Sebastiao Pereira hunts for outliers:
Outliers can significantly distort statistical analysis and lead to incorrect conclusions when interpreting data. In this article, we will look at how to find outliers in SQL Server using various T-SQL queries. Understanding how to find outliers in SQL is crucial for accurate data analysis.
Sebastiao uses PERCENTILE_CONT()
in this demonstration. That works fine for relatively small tables, though it does not scale well at all. Once you’re in the millions of records, it gets slow. From there, my joke is that, if you have 100 million or more records, you can start a query with PERCENTILE_CONT()

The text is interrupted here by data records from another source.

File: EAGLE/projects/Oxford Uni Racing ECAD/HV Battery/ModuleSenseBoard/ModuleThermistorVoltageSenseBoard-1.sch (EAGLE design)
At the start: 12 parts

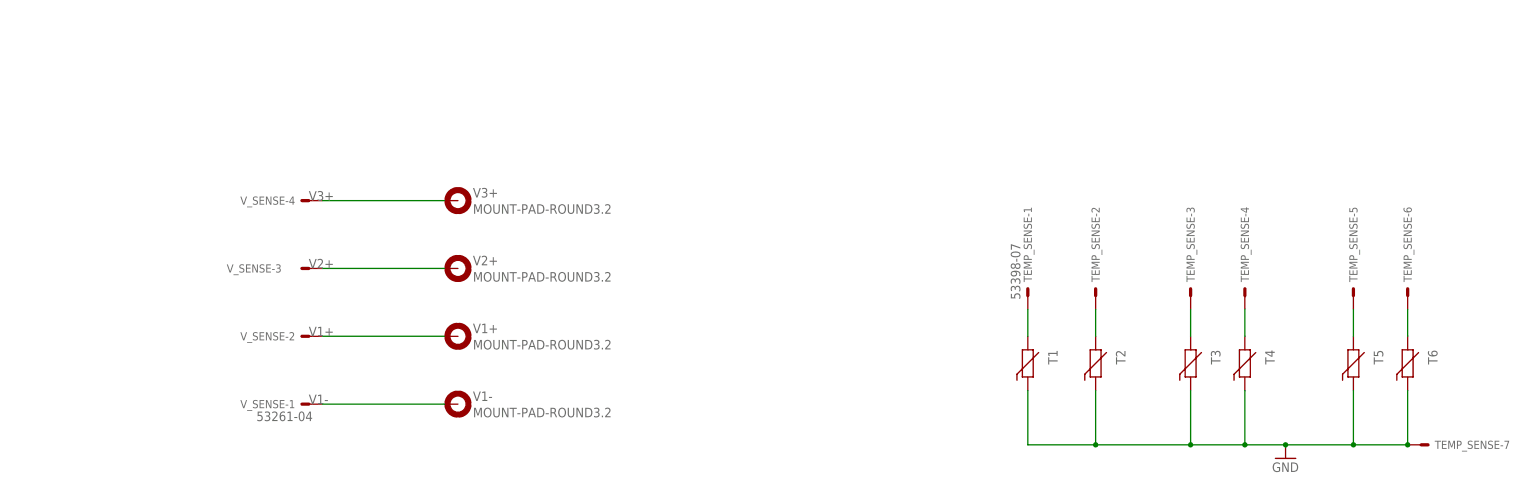
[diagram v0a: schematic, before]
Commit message: updated thermister footprint
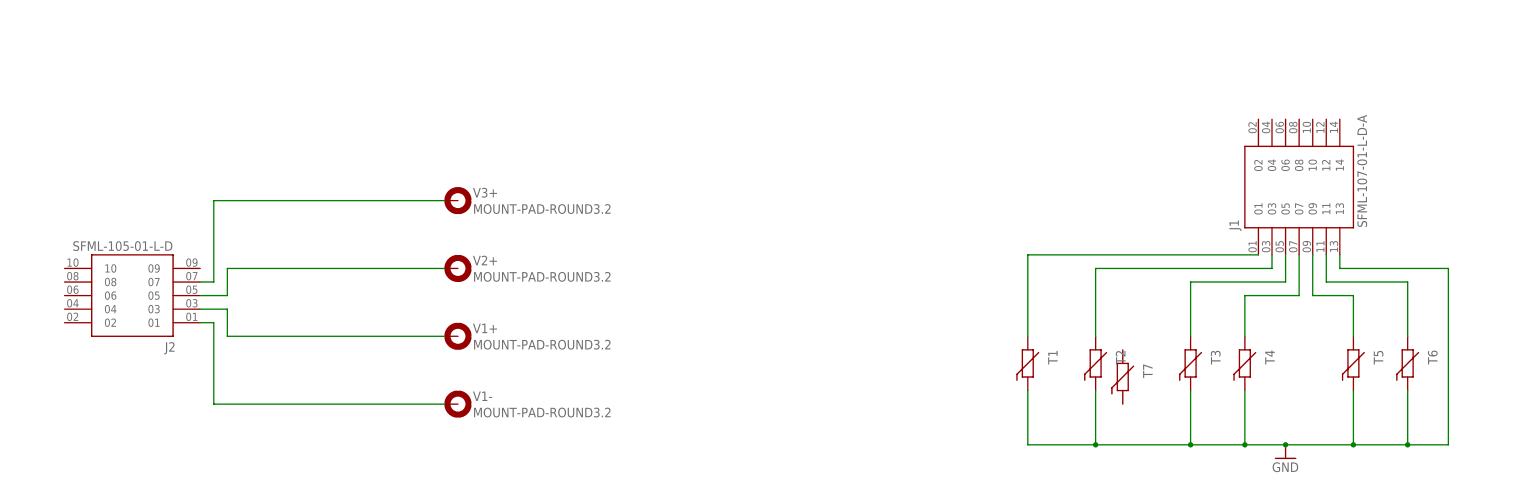
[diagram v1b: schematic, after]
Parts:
- removed TEMP_SENSE: 53398-07, con-molex:53398-07
- removed V_SENSE: 53261-04, con-molex:53261-04
- added J1: SFML-107-01-L-D-A, SFML-107-01-L-D-A:SFML-107-01-L-D-A
- added J2: SFML-105-01-L-D, SFML-105-01-L-D:SFML-105-01-L-D
- added T7: (no value), Thermistor:THERMISTOR
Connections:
- removed net N$5: T4.2, TEMP_SENSE-4.S
- removed net N$6: T5.2, TEMP_SENSE-5.S
- new net N$1: J1.07, T4.2
- new net N$2: J1.09, T5.2
- net GND: now also J1.13; no longer TEMP_SENSE-7.S
- net N$3: now also J1.03; no longer TEMP_SENSE-2.S
- net N$4: now also J1.05; no longer TEMP_SENSE-3.S
- net N$7: now also J1.11; no longer TEMP_SENSE-6.S
- net TSENSE1: now also J1.01; no longer TEMP_SENSE-1.S
- net V1+: now also J2.03; no longer V_SENSE-2.S
- net V1-: now also J2.01; no longer V_SENSE-1.S
- net V2+: now also J2.05; no longer V_SENSE-3.S
- net V3+: now also J2.07; no longer V_SENSE-4.S

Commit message: New pcb board designed to work with countersink bus bar.
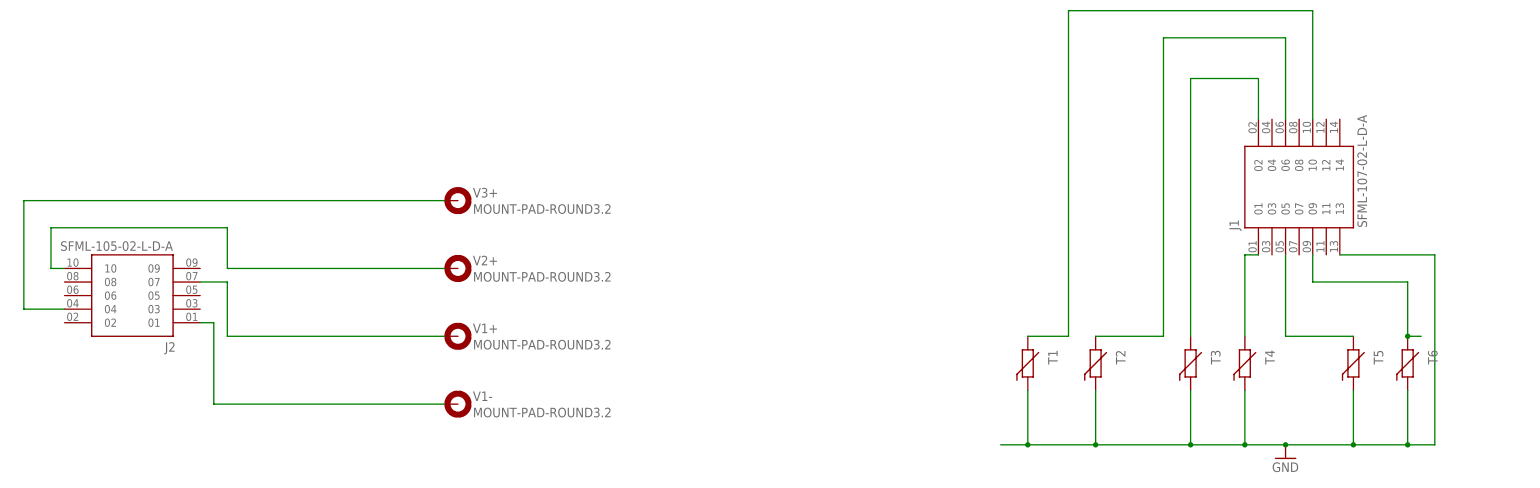
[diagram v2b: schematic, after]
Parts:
- removed T7: (no value), Thermistor:THERMISTOR
- J1: value SFML-107-01-L-D-A -> SFML-107-02-L-D-A; device SFML-107-01-L-D-A:SFML-107-01-L-D-A -> SFML-107-02-L-D-A:SFML-107-02-L-D-A
- J2: value SFML-105-01-L-D -> SFML-105-02-L-D-A; device SFML-105-01-L-D:SFML-105-01-L-D -> SFML-105-02-L-D-A:SFML-105-02-L-D-A
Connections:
- removed net N$7: J1.11, T6.2
- removed net TSENSE1: J1.01, T1.2
- new net N$5: J1.06, T2.2
- new net N$6: J1.10, T1.2
- net N$1: now also J1.05, T5.2; no longer J1.07, T4.2
- net N$2: now also T6.2; no longer T5.2
- net N$3: now also J1.01, T4.2; no longer J1.03, T2.2
- net N$4: now also J1.02; no longer J1.05
- net V1+: now also J2.07; no longer J2.03
- net V2+: now also J2.10; no longer J2.05
- net V3+: now also J2.04; no longer J2.07
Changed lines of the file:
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@@
 <part name="T6" library="Thermistor" deviceset="THERMISTOR" device=""/>
 <part name="GND1" library="supply1" library_urn="urn:adsk.eagle:library:371" deviceset="GND" device=""/>
-<part name="J1" library="SFML-107-01-L-D-A" deviceset="SFML-107-01-L-D-A" device=""/>
-<part name="J2" library="SFML-105-01-L-D" deviceset="SFML-105-01-L-D" device=""/>
-<part name="T7" library="Thermistor" deviceset="THERMISTOR" device=""/>
+<part name="J1" library="SFML-107-02-L-D-A" deviceset="SFML-107-02-L-D-A" device=""/>
+<part name="J2" library="SFML-105-02-L-D-A" deviceset="SFML-105-02-L-D-A" device=""/>
 </parts>
 <sheets>
@@
 <attribute name="VALUE" x="83.82" y="177.8" size="1.778" layer="96" rot="R180"/>
 </instance>
-<instance part="T7" gate="G$1" x="261.62" y="152.4" smashed="yes" rot="R270">
-<attribute name="NAME" x="265.43" y="154.94" size="1.778" layer="95" rot="R270"/>
-<attribute name="VALUE" x="255.27" y="154.94" size="1.778" layer="96" rot="R270"/>
-</instance>
 </instances>
 <busses>
@@
 <pinref part="GND1" gate="1" pin="GND"/>
 <junction x="292.1" y="139.7"/>
+<wire x1="243.84" y1="139.7" x2="238.76" y2="139.7" width="0.1524" layer="91"/>
+<junction x="243.84" y="139.7"/>
+<wire x1="314.96" y1="139.7" x2="320.04" y2="139.7" width="0.1524" layer="91"/>
+<wire x1="320.04" y1="139.7" x2="320.04" y2="175.26" width="0.1524" layer="91"/>
 <junction x="314.96" y="139.7"/>
-<wire x1="314.96" y1="139.7" x2="322.58" y2="139.7" width="0.1524" layer="91"/>
-<wire x1="322.58" y1="139.7" x2="322.58" y2="172.72" width="0.1524" layer="91"/>
-<wire x1="322.58" y1="172.72" x2="302.26" y2="172.72" width="0.1524" layer="91"/>
 <pinref part="J1" gate="G$1" pin="13"/>
-<wire x1="302.26" y1="172.72" x2="302.26" y2="175.26" width="0.1524" layer="91"/>
-</segment>
-</net>
-<net name="TSENSE1" class="0">
-<segment>
-<pinref part="T1" gate="G$1" pin="2"/>
-<pinref part="J1" gate="G$1" pin="01"/>
-<wire x1="243.84" y1="160.02" x2="243.84" y2="175.26" width="0.1524" layer="91"/>
-<wire x1="243.84" y1="175.26" x2="287.02" y2="175.26" width="0.1524" layer="91"/>
-</segment>
-</net>
-<net name="N$3" class="0">
-<segment>
-<pinref part="T2" gate="G$1" pin="2"/>
-<wire x1="256.54" y1="172.72" x2="256.54" y2="160.02" width="0.1524" layer="91"/>
-<wire x1="256.54" y1="172.72" x2="289.56" y2="172.72" width="0.1524" layer="91"/>
-<pinref part="J1" gate="G$1" pin="03"/>
-<wire x1="289.56" y1="172.72" x2="289.56" y2="175.26" width="0.1524" layer="91"/>
-</segment>
-</net>
-<net name="N$4" class="0">
-<segment>
-<pinref part="T3" gate="G$1" pin="2"/>
-<wire x1="274.32" y1="170.18" x2="274.32" y2="160.02" width="0.1524" layer="91"/>
-<pinref part="J1" gate="G$1" pin="05"/>
-<wire x1="274.32" y1="170.18" x2="292.1" y2="170.18" width="0.1524" layer="91"/>
-<wire x1="292.1" y1="170.18" x2="292.1" y2="175.26" width="0.1524" layer="91"/>
-</segment>
-</net>
-<net name="N$7" class="0">
-<segment>
-<pinref part="T6" gate="G$1" pin="2"/>
-<wire x1="314.96" y1="170.18" x2="314.96" y2="160.02" width="0.1524" layer="91"/>
-<wire x1="314.96" y1="170.18" x2="299.72" y2="170.18" width="0.1524" layer="91"/>
-<pinref part="J1" gate="G$1" pin="11"/>
-<wire x1="299.72" y1="170.18" x2="299.72" y2="175.26" width="0.1524" layer="91"/>
+<wire x1="320.04" y1="175.26" x2="302.26" y2="175.26" width="0.1524" layer="91"/>
 </segment>
 </net>
@@
 <segment>
 <pinref part="V3+" gate="G$1" pin="MOUNT"/>
-<wire x1="134.62" y1="185.42" x2="91.44" y2="185.42" width="0.1524" layer="91"/>
-<wire x1="91.44" y1="185.42" x2="91.44" y2="170.18" width="0.1524" layer="91"/>
-<pinref part="J2" gate="G$1" pin="07"/>
-<wire x1="91.44" y1="170.18" x2="88.9" y2="170.18" width="0.1524" layer="91"/>
+<wire x1="134.62" y1="185.42" x2="55.88" y2="185.42" width="0.1524" layer="91"/>
+<pinref part="J2" gate="G$1" pin="04"/>
+<wire x1="55.88" y1="185.42" x2="55.88" y2="165.1" width="0.1524" layer="91"/>
+<wire x1="55.88" y1="165.1" x2="63.5" y2="165.1" width="0.1524" layer="91"/>
 </segment>
 </net>
@@
 <pinref part="V2+" gate="G$1" pin="MOUNT"/>
 <wire x1="93.98" y1="172.72" x2="134.62" y2="172.72" width="0.1524" layer="91"/>
-<wire x1="93.98" y1="172.72" x2="93.98" y2="167.64" width="0.1524" layer="91"/>
-<pinref part="J2" gate="G$1" pin="05"/>
-<wire x1="93.98" y1="167.64" x2="88.9" y2="167.64" width="0.1524" layer="91"/>
+<wire x1="93.98" y1="172.72" x2="93.98" y2="180.34" width="0.1524" layer="91"/>
+<wire x1="93.98" y1="180.34" x2="60.96" y2="180.34" width="0.1524" layer="91"/>
+<pinref part="J2" gate="G$1" pin="10"/>
+<wire x1="60.96" y1="180.34" x2="60.96" y2="172.72" width="0.1524" layer="91"/>
+<wire x1="60.96" y1="172.72" x2="63.5" y2="172.72" width="0.1524" layer="91"/>
 </segment>
 </net>
@@
 <pinref part="V1+" gate="G$1" pin="MOUNT"/>
 <wire x1="134.62" y1="160.02" x2="93.98" y2="160.02" width="0.1524" layer="91"/>
-<wire x1="93.98" y1="160.02" x2="93.98" y2="165.1" width="0.1524" layer="91"/>
-<pinref part="J2" gate="G$1" pin="03"/>
-<wire x1="93.98" y1="165.1" x2="88.9" y2="165.1" width="0.1524" layer="91"/>
+<wire x1="93.98" y1="160.02" x2="93.98" y2="170.18" width="0.1524" layer="91"/>
+<pinref part="J2" gate="G$1" pin="07"/>
+<wire x1="93.98" y1="170.18" x2="88.9" y2="170.18" width="0.1524" layer="91"/>
 </segment>
 </net>
@@
 </segment>
 </net>
+<net name="N$2" class="0">
+<segment>
+<pinref part="T6" gate="G$1" pin="2"/>
+<wire x1="314.96" y1="160.02" x2="317.5" y2="160.02" width="0.1524" layer="91"/>
+<wire x1="314.96" y1="160.02" x2="314.96" y2="170.18" width="0.1524" layer="91"/>
+<wire x1="314.96" y1="170.18" x2="297.18" y2="170.18" width="0.1524" layer="91"/>
+<junction x="314.96" y="160.02"/>
+<pinref part="J1" gate="G$1" pin="09"/>
+<wire x1="297.18" y1="170.18" x2="297.18" y2="175.26" width="0.1524" layer="91"/>
+</segment>
+</net>
 <net name="N$1" class="0">
 <segment>
-<pinref part="T4" gate="G$1" pin="2"/>
-<wire x1="284.48" y1="160.02" x2="284.48" y2="167.64" width="0.1524" layer="91"/>
-<wire x1="284.48" y1="167.64" x2="294.64" y2="167.64" width="0.1524" layer="91"/>
-<pinref part="J1" gate="G$1" pin="07"/>
-<wire x1="294.64" y1="167.64" x2="294.64" y2="175.26" width="0.1524" layer="91"/>
+<pinref part="T5" gate="G$1" pin="2"/>
+<pinref part="J1" gate="G$1" pin="05"/>
+<wire x1="304.8" y1="160.02" x2="292.1" y2="160.02" width="0.1524" layer="91"/>
+<wire x1="292.1" y1="160.02" x2="292.1" y2="175.26" width="0.1524" layer="91"/>
 </segment>
 </net>
-<net name="N$2" class="0">
+<net name="N$3" class="0">
 <segment>
-<pinref part="T5" gate="G$1" pin="2"/>
-<wire x1="304.8" y1="160.02" x2="304.8" y2="167.64" width="0.1524" layer="91"/>
-<wire x1="304.8" y1="167.64" x2="297.18" y2="167.64" width="0.1524" layer="91"/>
-<pinref part="J1" gate="G$1" pin="09"/>
-<wire x1="297.18" y1="167.64" x2="297.18" y2="175.26" width="0.1524" layer="91"/>
+<pinref part="T4" gate="G$1" pin="2"/>
+<pinref part="J1" gate="G$1" pin="01"/>
+<wire x1="284.48" y1="160.02" x2="284.48" y2="175.26" width="0.1524" layer="91"/>
+<wire x1="284.48" y1="175.26" x2="287.02" y2="175.26" width="0.1524" layer="91"/>
 </segment>
 </net>
+<net name="N$4" class="0">
+<segment>
+<pinref part="T3" gate="G$1" pin="2"/>
+<wire x1="274.32" y1="160.02" x2="274.32" y2="208.28" width="0.1524" layer="91"/>
+<pinref part="J1" gate="G$1" pin="02"/>
+<wire x1="274.32" y1="208.28" x2="287.02" y2="208.28" width="0.1524" layer="91"/>
+<wire x1="287.02" y1="208.28" x2="287.02" y2="200.66" width="0.1524" layer="91"/>
+</segment>
+</net>
+<net name="N$5" class="0">
+<segment>
+<pinref part="T2" gate="G$1" pin="2"/>
+<wire x1="256.54" y1="160.02" x2="269.24" y2="160.02" width="0.1524" layer="91"/>
+<wire x1="269.24" y1="160.02" x2="269.24" y2="215.9" width="0.1524" layer="91"/>
+<pinref part="J1" gate="G$1" pin="06"/>
+<wire x1="269.24" y1="215.9" x2="292.1" y2="215.9" width="0.1524" layer="91"/>
+<wire x1="292.1" y1="215.9" x2="292.1" y2="200.66" width="0.1524" layer="91"/>
+</segment>
+</net>
+<net name="N$6" class="0">
+<segment>
+<pinref part="T1" gate="G$1" pin="2"/>
+<wire x1="243.84" y1="160.02" x2="251.46" y2="160.02" width="0.1524" layer="91"/>
+<wire x1="251.46" y1="160.02" x2="251.46" y2="220.98" width="0.1524" layer="91"/>
+<pinref part="J1" gate="G$1" pin="10"/>
+<wire x1="251.46" y1="220.98" x2="297.18" y2="220.98" width="0.1524" layer="91"/>
+<wire x1="297.18" y1="220.98" x2="297.18" y2="200.66" width="0.1524" layer="91"/>
+</segment>
+</net>

on one instance. Meanwhile, on a separate instance, as soon as you kick off that query, go install SQL Server ML Services, configure it, check out a tutorial on R or Python, figure out how you can calculate the inter-quartile range in that language, learn how ML Services works, and you’ll still get the answer before your first query finishes.
If you’re using SQL Server 2022, there is a new APPROX_PERCENTILE_CONT()
that is orders of magnitude faster as you get increasingly large datasets. It’s also accurate to within 1.33% (on each side of the correct answer) within a 99% confidence. The way the query works is a bit different, though, because the approximation is a nested set function using a WITHIN GROUP()
clause, whereas PERCENTILE_CONT()
is a window function that uses an OVER()
clause. That means it’s not quite as easy as slapping “APPROX_” to the start of the query, but because Sebastiao uses WITHIN GROUP
in the T-SQL, it’s pretty close: PERCENTILE_CONT(0.25) WITHIN GROUP (ORDER BY [ObsValue]) OVER() AS Q1
becomes APPROX_PERCENTILE_CONT(0.25) WITHIN GROUP (ORDER BY [ObsValue]) AS Q1
or something like that–I’m compiling in the browser here.